**What is required**
Tally the lines of the data that include the word "HIDDEN" and state the total, nothing else.

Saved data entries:
※
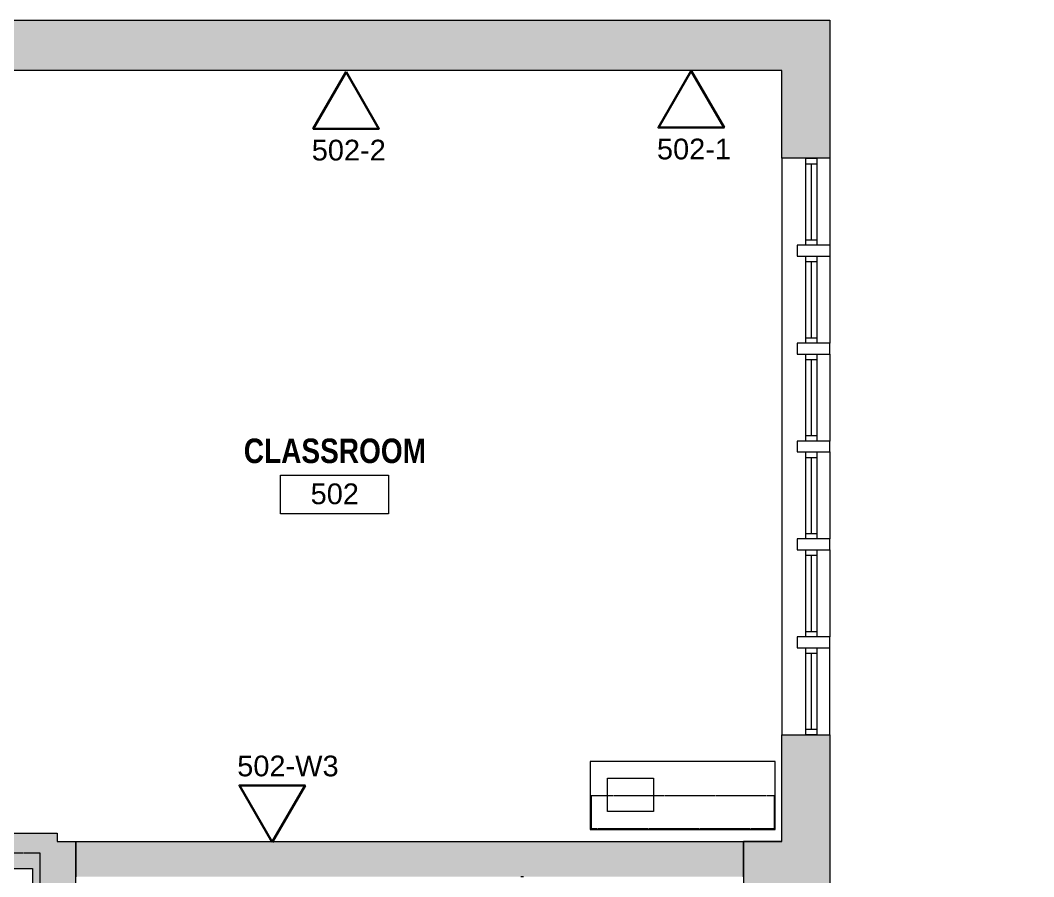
# Model space of a CAD drawing. Header units: inches. Extents: x 891 to 14187, y -1169 to 3232.
# Drawn here: x 5149.8 to 5522.4, y 654.5 to 969.6 of the extents above; entities that cross this region are included whole.
import ezdxf

# ---------------------------------------------------------------- set-up
doc = ezdxf.new("R2010")
doc.units = ezdxf.units.IN
doc.header["$MEASUREMENT"] = 0
doc.linetypes.add('IMPORT-IMPORT-HIDDEN', pattern=[0.375, 0.25, -0.125])
doc.linetypes.add('IMPORT-IMPORT-PHANTOM2', pattern=[1.25, 0.625, -0.125, 0.125, -0.125, 0.125, -0.125])
doc.layers.add('_DROPS_IDFS', color=7, linetype='Continuous')
for name, color, linetype, lineweight in [('_OPTEC_LAYER', 1, 'Continuous', 30), ('A-ANNO-RM TAG', 7, 'Continuous', 9), ('A-Fixtures-Appliances', 7, 'Continuous', 9), ('A-Hatch', 7, 'Continuous', 9), ('A-Millwork', 7, 'Continuous', 9), ('EX-EXT-CORE', 7, 'Continuous', 9), ('EX-Windows', 7, 'Continuous', 9), ('MUC-LOW_WALL', 7, 'Continuous', 9), ('WALL TYPE', 7, 'IMPORT-IMPORT-PHANTOM2', 9)]:
    doc.layers.add(name, color=color, linetype=linetype, lineweight=lineweight)
doc.styles.add('Arial', font='arial.ttf', dxfattribs={"height": 7.623})
doc.styles.add('Arial Narrow_B', font='ARIALNB.TTF', dxfattribs={"height": 9})

# ---------------------------------------------------------------- blocks, each defined once
blk = doc.blocks.new('_DATA')
at = {"layer": '_DROPS_IDFS', "color": 1, "lineweight": 30}
blk.add_lwpolyline([(24.61, 42.64), (12.55, 21.75), (36.67, 21.75)], close=True, dxfattribs=at)

msp = doc.modelspace()

# ---------------------------------------------------------------- hatches: boundary and pattern name
at = {"layer": 'A-Hatch'}
h = msp.add_hatch(color=9, dxfattribs=at)
h.paths.add_polyline_path([(4568.1, 657.56), (4627.39, 657.56), (4627.39, 674.55), (4593.1, 674.55), (4593.1, 678.06), (4589.1, 678.06), (4589.1, 750), (4568.1, 750)])
h.paths.add_polyline_path([(4589.1, 804), (4589.1, 955.93), (4971.1, 955.93), (4971.1, 951.06), (5429.82, 951.06), (5429.82, 918.77), (5447.44, 918.77), (5447.44, 969.56), (4568.1, 969.56), (4568.1, 958.56), (4561.1, 958.56), (4561.1, 896.56), (4568.1, 896.56), (4568.1, 804)])
h = msp.add_hatch(color=9, dxfattribs=at)
h.paths.add_polyline_path([(5278.55, 148.62), (5299.53, 169.59), (5299.86, 168.63), (5300.43, 167.78), (5301.19, 167.1), (5302.1, 166.64), (5303.1, 166.42), (5304.12, 166.47), (5305.1, 166.77), (5305.97, 167.31), (5306.67, 168.05), (5307.16, 168.94), (5307.41, 169.93), (5307.4, 170.95), (5307.14, 171.94), (5338.02, 171.94), (5338.02, 179.44), (5343.02, 179.44), (5343.02, 191.49), (5437.02, 191.49), (5437.02, 179.44), (5442.02, 179.44), (5442.02, 171.94), (5473.76, 171.94), (5473.76, 170.86), (5473.88, 169.82), (5474.23, 168.83), (5474.8, 167.95), (5475.56, 167.23), (5476.46, 166.7), (5477.46, 166.39), (5478.5, 166.31), (5480.69, 166.31), (5481.46, 166.21), (5482.19, 165.91), (5482.81, 165.43), (5483.28, 164.81), (5483.58, 164.09), (5483.69, 163.31), (5483.69, 162.04), (5488.7, 162.04), (5488.18, 160.63), (5488.04, 159.14), (5488.28, 157.66), (5488.89, 156.28), (5489.82, 155.11), (5491.03, 154.21), (5492.42, 153.65), (5493.9, 153.46), (5495.39, 153.65), (5496.78, 154.21), (5497.99, 155.11), (5498.92, 156.28), (5499.53, 157.66), (5499.77, 159.14), (5499.63, 160.63), (5499.11, 162.04), (5502.35, 162.04), (5502.35, 163.31), (5502.45, 164.09), (5502.75, 164.81), (5503.23, 165.43), (5503.85, 165.91), (5504.57, 166.21), (5505.35, 166.31), (5505.98, 166.31), (5505.98, 170.82), (5507.01, 170.49), (5508.09, 170.42), (5509.15, 170.62), (5510.13, 171.08), (5510.96, 171.77), (5511.6, 172.65), (5512, 173.65), (5512.13, 174.72), (5512, 175.8), (5511.6, 176.8), (5510.96, 177.68), (5510.13, 178.37), (5509.15, 178.83), (5508.09, 179.03), (5507.01, 178.96), (5505.98, 178.63), (5505.98, 184.82), (5507.01, 184.49), (5508.09, 184.42), (5509.15, 184.62), (5510.13, 185.08), (5510.96, 185.77), (5511.6, 186.65), (5512, 187.65), (5512.13, 188.72), (5512, 189.8), (5511.6, 190.8), (5510.96, 191.68), (5510.13, 192.37), (5509.15, 192.83), (5508.09, 193.03), (5507.01, 192.96), (5505.98, 192.63), (5505.98, 210.12), (5498.48, 210.12), (5498.48, 215.12), (5482.27, 215.12), (5482.27, 210.12), (5473.93, 210.12), (5473.93, 386.12), (5482.27, 386.12), (5482.27, 381.12), (5498.48, 381.12), (5498.48, 386.12), (5505.98, 386.12), (5505.98, 405.14), (5507.1, 404.8), (5508.27, 404.76), (5509.41, 405.02), (5510.44, 405.55), (5511.31, 406.33), (5511.95, 407.31), (5512.32, 408.42), (5512.41, 409.58), (5512.19, 410.73), (5511.69, 411.78), (5510.94, 412.67), (5509.98, 413.35), (5522.43, 425.79), (5518.96, 429.26), (5522.37, 432.67), (5500.61, 454.42), (5485.16, 438.97), (5447.44, 438.97), (5447.44, 476.03), (5429.82, 476.03), (5429.82, 422.5), (5421.19, 422.5), (5421.19, 394.35), (5460.3, 394.35), (5460.3, 204.95), (5324.43, 204.95), (5324.43, 284.9), (5296.28, 284.9), (5296.28, 226.77), (5279, 226.77), (5279, 188.3), (5258.93, 168.23), (5264.59, 162.58), (5261.05, 159.04), (5269.36, 150.74), (5272.89, 154.27)])
h.paths.add_polyline_path([(5296.28, 308.9), (5324.43, 308.9), (5324.43, 394.35), (5374.19, 394.35), (5374.19, 422.5), (5336.3, 422.5), (5336.3, 440.5), (5276.3, 440.5), (5276.3, 420.5), (5269.3, 420.5), (5269.3, 400.5), (5251.05, 400.5), (5251.05, 386.53), (5296.28, 386.53), (5296.28, 383.45)])
h.paths.add_polyline_path([(5429.82, 506.03), (5447.44, 506.03), (5447.44, 575.09), (5429.82, 575.09), (5429.82, 554.75)])
h.paths.add_polyline_path([(5447.44, 635.09), (5447.44, 706.77), (5429.82, 706.77), (5429.82, 667.5), (5415.74, 667.5), (5415.74, 635.09), (5428.95, 635.09)])
h = msp.add_hatch(color=9, dxfattribs=at)
h.paths.add_polyline_path([(4961.97, 612.34), (4961.97, 657.56), (5005.35, 657.56), (5005.35, 670.55), (4989.36, 670.55), (4989.36, 674.55), (4891.39, 674.55), (4891.39, 657.56), (4947.97, 657.56), (4947.97, 612.34)])
h.paths.add_polyline_path([(5170.3, 615.5), (5170.3, 667.5), (5163.36, 667.5), (5163.36, 670.55), (5051.35, 670.55), (5051.35, 657.56), (5154.3, 657.56), (5154.3, 615.5)])
h.paths.add_polyline_path([(4847.39, 657.56), (4855.39, 657.56), (4855.39, 674.55), (4847.39, 674.55)])
h.paths.add_polyline_path([(4811.39, 657.56), (4811.39, 674.55), (4707.39, 674.55), (4707.39, 657.56), (4783.1, 657.56)])
h.paths.add_polyline_path([(4671.39, 657.56), (4671.39, 674.55), (4663.39, 674.55), (4663.39, 657.56)])
msp.add_hatch(color=9, dxfattribs=at).paths.add_polyline_path([(5210.99, 654.51), (5415.74, 654.51), (5415.74, 667.5), (5170.3, 667.5), (5170.3, 654.51)])

# ---------------------------------------------------------------- linework, layer by layer
at = {"color": 8, "lineweight": 9}
msp.add_line((5334.82, 654.53), (5333.82, 654.53), dxfattribs=at)
at = {"layer": 'A-ANNO-RM TAG', "color": 8, "flags": 128}
msp.add_lwpolyline([(5245.56, 802.25), (5285.24, 802.25), (5285.24, 788.03), (5245.56, 788.03)], close=True, dxfattribs=at)
at = {"layer": 'A-Fixtures-Appliances', "color": 8, "flags": 128}
msp.add_lwpolyline([(5365.72, 690.78), (5382.63, 690.78), (5382.63, 678.56), (5365.72, 678.56)], close=True, dxfattribs=at)
at = {"layer": 'A-Millwork', "color": 8, "flags": 128}
msp.add_lwpolyline([(5359.36, 671.87), (5427.31, 671.87), (5427.31, 696.87), (5359.36, 696.87)], close=True, dxfattribs=at)
at = {"layer": 'A-Millwork', "color": 8, "linetype": 'IMPORT-IMPORT-HIDDEN', "flags": 128}
msp.add_lwpolyline([(5427.12, 672.3), (5427.12, 684.3), (5359.68, 684.3), (5359.68, 672.3)], close=True, dxfattribs=at)
at = {"layer": 'EX-EXT-CORE', "color": 8}
for p, q in [((5447.44, 846.77), (5447.44, 850.77)), ((5447.44, 810.77), (5447.44, 814.77)), ((5447.44, 774.77), (5447.44, 778.77)), ((5429.82, 667.5), (5415.74, 667.5))]:
    msp.add_line(p, q, dxfattribs=at)
at = {"layer": 'EX-EXT-CORE', "color": 8, "flags": 128}
for points in [[(4568.1, 750), (4568.1, 804), (4568.1, 896.56), (4561.1, 896.56), (4561.1, 958.56), (4568.1, 958.56), (4568.1, 969.56), (5447.44, 969.56), (5447.44, 918.77), (5447.44, 886.77), (5447.44, 882.77)], [(5429.82, 918.77), (5429.82, 951.06), (5107.21, 951.06)], [(5447.44, 918.77), (5429.82, 918.77), (5429.82, 706.77)], [(5447.44, 886.77), (5435.51, 886.77), (5435.51, 882.77), (5447.44, 882.77), (5447.44, 850.77), (5435.51, 850.77), (5435.51, 846.77), (5447.44, 846.77), (5447.44, 814.77), (5435.51, 814.77), (5435.51, 810.77), (5447.44, 810.77), (5447.44, 778.77), (5435.51, 778.77), (5435.51, 774.77), (5447.44, 774.77), (5447.44, 742.77), (5435.51, 742.77), (5435.51, 738.77), (5447.44, 738.77)], [(5051.35, 662.55), (5049.85, 662.55), (5049.85, 657.56), (5051.35, 657.56), (5154.3, 657.56), (5154.3, 615.5), (5170.3, 615.5), (5170.3, 667.5), (5429.82, 667.5), (5429.82, 706.77), (5447.44, 706.77), (5447.44, 738.77), (5447.44, 742.77)], [(5447.44, 706.77), (5447.44, 438.97), (5485.16, 438.97), (5500.61, 454.42), (5522.37, 432.67), (5518.96, 429.26), (5522.43, 425.79), (5509.98, 413.35)], [(5051.35, 657.56), (5051.35, 670.55), (5163.36, 670.55), (5163.36, 667.5), (5170.3, 667.5), (5170.3, 654.5)], [(5415.74, 654.5), (5415.74, 667.5), (5415.74, 635.09), (5428.32, 635.09)]]:
    msp.add_lwpolyline(points, dxfattribs=at)
at = {"layer": 'EX-Windows', "color": 8}
for p, q in [((5438.63, 886.77), (5438.63, 918.77)), ((5438.63, 918.77), (5442.63, 918.77)), ((5438.63, 916.77), (5442.63, 916.77)), ((5440.63, 916.77), (5440.63, 888.77)), ((5442.63, 918.77), (5442.63, 886.77)), ((5438.63, 888.77), (5442.63, 888.77)), ((5442.63, 886.77), (5438.63, 886.77)), ((5438.63, 850.77), (5438.63, 882.77)), ((5438.63, 882.77), (5442.63, 882.77)), ((5438.63, 880.77), (5442.63, 880.77)), ((5440.63, 880.77), (5440.63, 852.77)), ((5442.63, 882.77), (5442.63, 850.77)), ((5438.63, 852.77), (5442.63, 852.77)), ((5442.63, 850.77), (5438.63, 850.77)), ((5438.63, 814.77), (5438.63, 846.77)), ((5438.63, 846.77), (5442.63, 846.77)), ((5442.63, 846.77), (5442.63, 814.77)), ((5438.63, 844.77), (5442.63, 844.77)), ((5440.63, 844.77), (5440.63, 816.77)), ((5438.63, 816.77), (5442.63, 816.77)), ((5442.63, 814.77), (5438.63, 814.77)), ((5438.63, 778.77), (5438.63, 810.77)), ((5438.63, 810.77), (5442.63, 810.77)), ((5438.63, 808.77), (5442.63, 808.77)), ((5440.63, 808.77), (5440.63, 780.77)), ((5442.63, 810.77), (5442.63, 778.77)), ((5438.63, 780.77), (5442.63, 780.77)), ((5442.63, 778.77), (5438.63, 778.77)), ((5438.63, 742.77), (5438.63, 774.77)), ((5438.63, 774.77), (5442.63, 774.77)), ((5438.63, 772.77), (5442.63, 772.77)), ((5440.63, 772.77), (5440.63, 744.77)), ((5442.63, 774.77), (5442.63, 742.77)), ((5438.63, 744.77), (5442.63, 744.77)), ((5442.63, 742.77), (5438.63, 742.77)), ((5438.63, 706.77), (5438.63, 738.77)), ((5438.63, 738.77), (5442.63, 738.77)), ((5442.63, 738.77), (5442.63, 706.77)), ((5438.63, 736.77), (5442.63, 736.77)), ((5440.63, 736.77), (5440.63, 708.77)), ((5438.63, 708.77), (5442.63, 708.77)), ((5442.63, 706.77), (5438.63, 706.77))]:
    msp.add_line(p, q, dxfattribs=at)
at = {"layer": 'MUC-LOW_WALL', "color": 8}
for p, q in [((5429.82, 918.77), (5429.82, 706.77)), ((5447.44, 918.77), (5447.44, 886.77)), ((5447.44, 882.77), (5447.44, 850.77)), ((5447.44, 846.77), (5447.44, 814.77)), ((5447.44, 810.77), (5447.44, 778.77)), ((5447.44, 774.77), (5447.44, 742.77)), ((5447.44, 706.77), (5447.44, 738.77))]:
    msp.add_line(p, q, dxfattribs=at)
at = {"layer": 'WALL TYPE', "color": 8}
for p, q in [((4952.71, 663.35), (5157.08, 663.35)), ((5157.08, 663.35), (5157.08, 618.18))]:
    msp.add_line(p, q, dxfattribs=at)

# ---------------------------------------------------------------- block references
at = {"layer": '_OPTEC_LAYER'}
for p in [(5245, 907.9), (5371.92, 908.3)]:
    msp.add_blockref('_DATA', p, dxfattribs=at)
at = {"layer": '_OPTEC_LAYER', "rotation": 180}
msp.add_blockref('_DATA', (5267.09, 709.83), dxfattribs=at)

# ---------------------------------------------------------------- texts
at = {"layer": '_OPTEC_LAYER', "char_height": 7.623, "attachment_point": 1, "style": 'Arial'}
for s, insert in [('502-2', (5256.99, 925.61)), ('502-1', (5383.9, 926.01)), ('502-W3', (5229.59, 699.08))]:
    msp.add_mtext_dynamic_manual_height_columns(s, width=5.9059, gutter_width=1, heights=[0.748], dxfattribs=dict(at, insert=insert))
at = {"layer": 'A-ANNO-RM TAG'}
for s, height, style, p in [('CLASSROOM', 9, 'Arial Narrow_B', (5232.01, 806.69)), ('502', 7.623, 'Arial', (5256.58, 791.56))]:
    msp.add_text(s, height=height, dxfattribs=dict(at, style=style)).set_placement(p)

doc.saveas('drawing.dxf')
※
**Solution for this task**
2